Look below for lines that hold the string "Comparator" and copy each one.

[Items from a data source]
*** Block opens ***
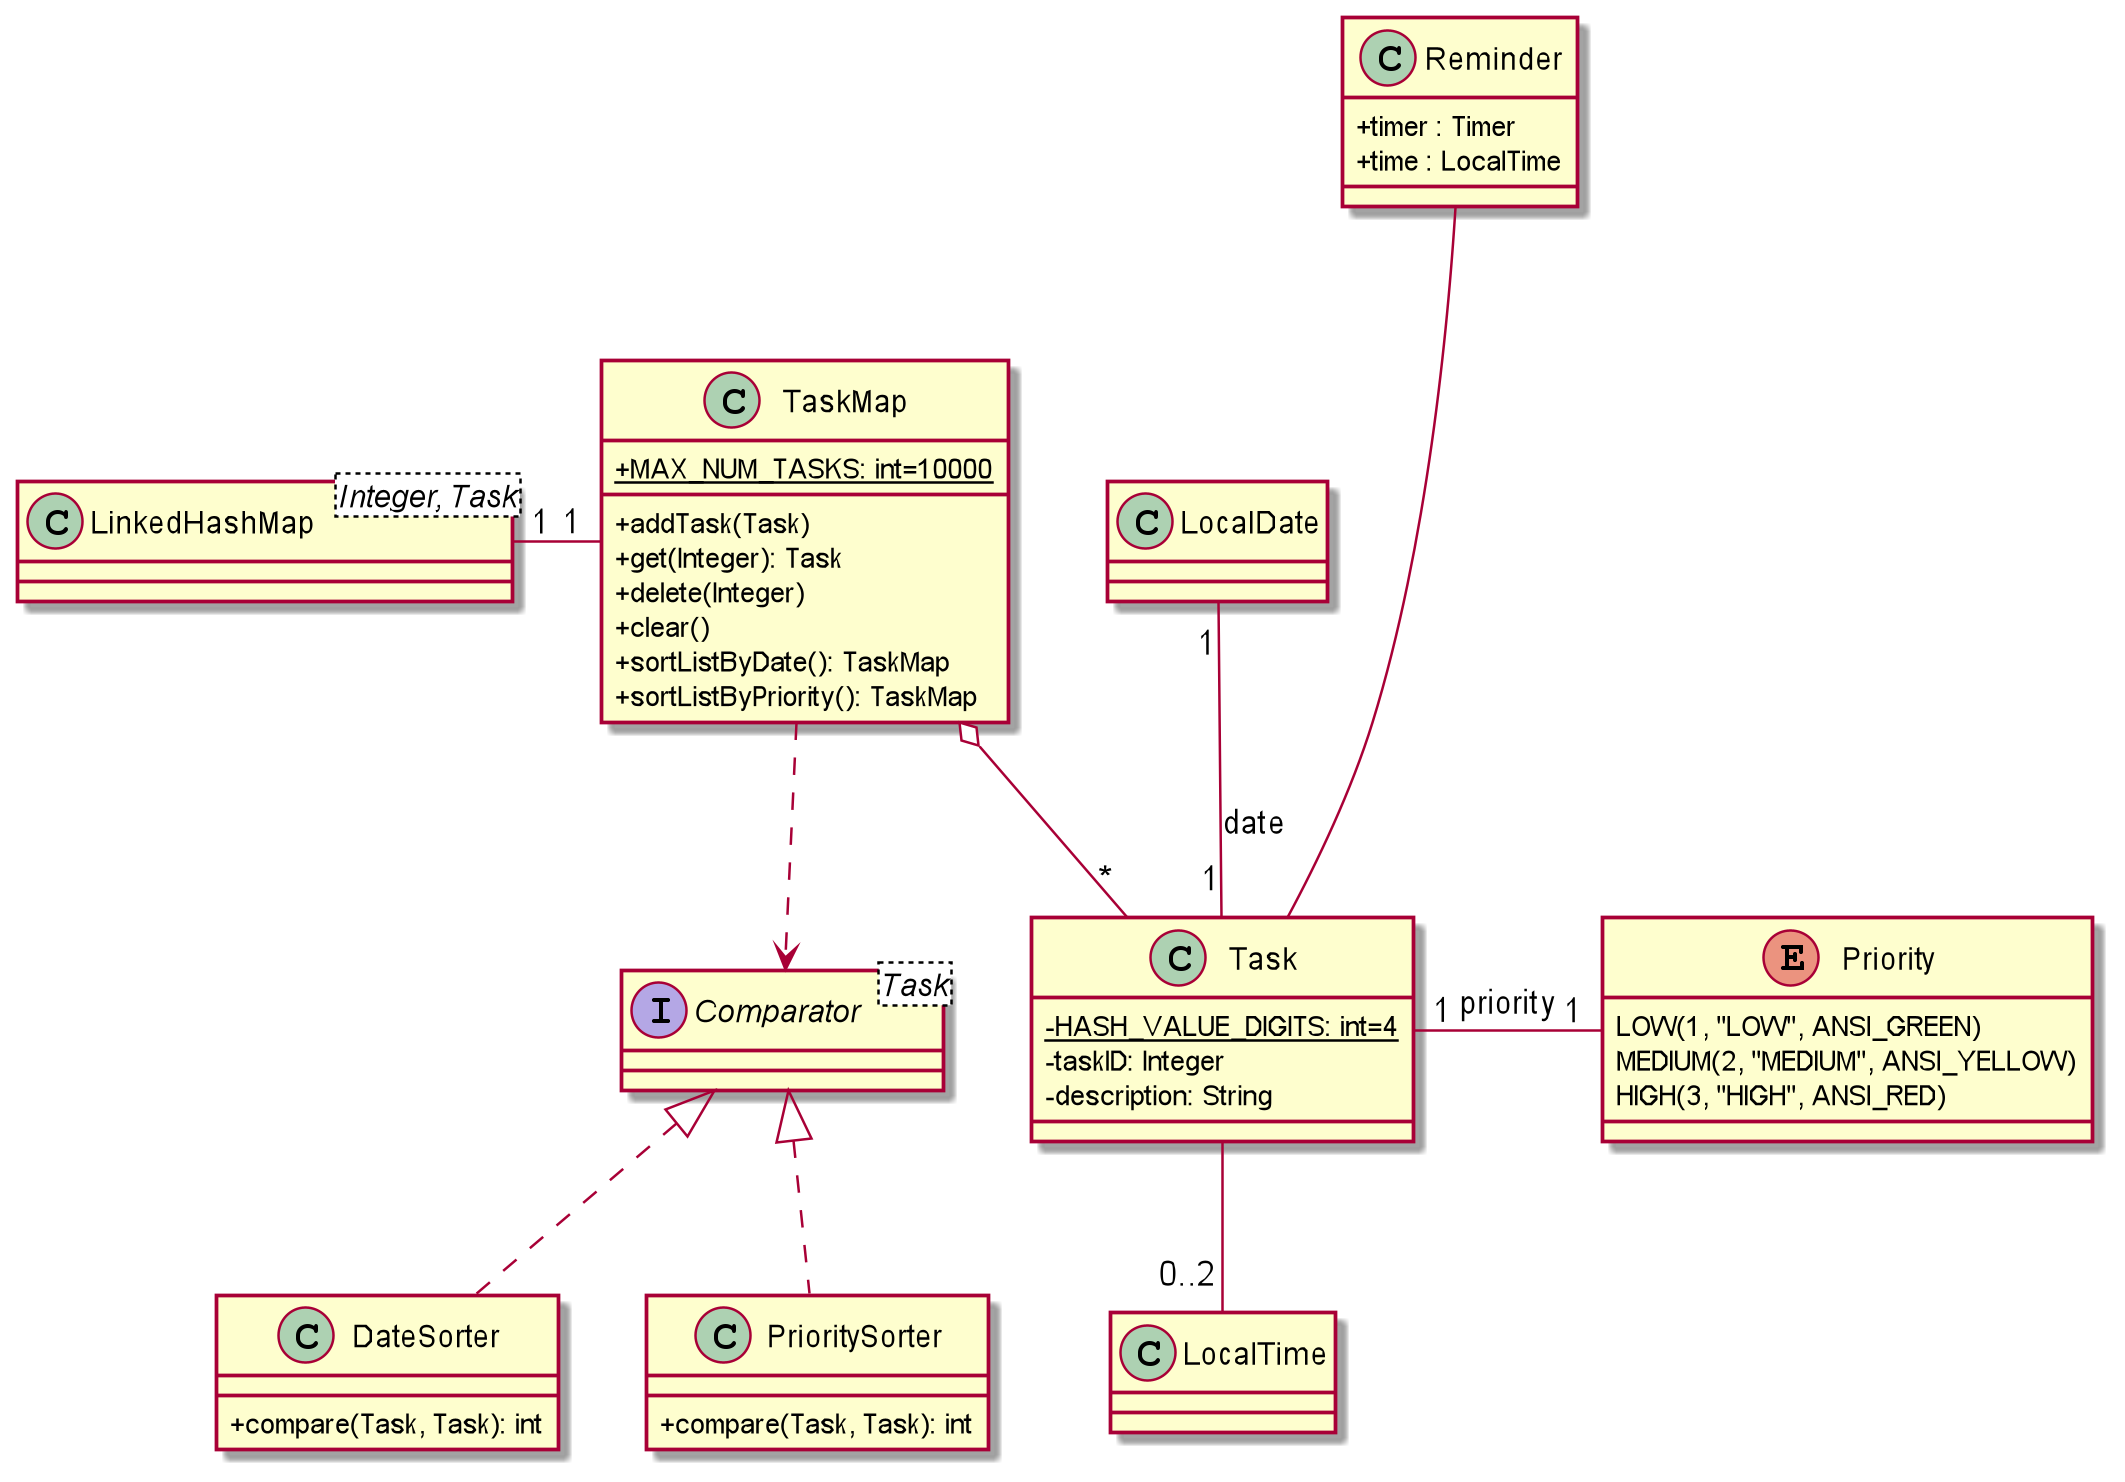

The diagram above was rendered by PlantUML. Its source (embedded in the PNG):
@startuml

skinparam classAttributeIconSize 0
class TaskMap {
    +{static}{field} MAX_NUM_TASKS: int=10000
    +{method} addTask(Task)
    +{method} get(Integer): Task
    +{method} delete(Integer)
    +{method} clear()
    +{method} sortListByDate(): TaskMap
    +{method} sortListByPriority(): TaskMap
}

class LinkedHashMap<Integer, Task>

LinkedHashMap "1"-"1" TaskMap
TaskMap o--"*" Task
TaskMap -[dashed]-> Comparator



class Task {
    -{static}{field} HASH_VALUE_DIGITS: int=4
    -{field} taskID: Integer
    -{field} description: String
}

enum Priority {
    {field}LOW(1, "LOW", ANSI_GREEN)
    {field}MEDIUM(2, "MEDIUM", ANSI_YELLOW)
    {field}HIGH(3, "HIGH", ANSI_RED)
}

class LocalDate
class LocalTime

LocalDate "1"--"1" Task: date
Task "1"-"1" Priority: priority
Task --"0..2" LocalTime


Reminder --- Task

class Reminder {
    +timer : Timer
    +time : LocalTime
}


interface Comparator<Task>
class DateSorter {
    +{method} compare(Task, Task): int
}
class PrioritySorter {
    +{method} compare(Task, Task): int
}

Comparator <|-[dashed]- DateSorter
Comparator <|-[dashed]- PrioritySorter

@enduml
*** Block closes ***
• _Reply to the task_
TaskMap -[dashed]-> Comparator
interface Comparator<Task>
Comparator <|-[dashed]- DateSorter
Comparator <|-[dashed]- PrioritySorter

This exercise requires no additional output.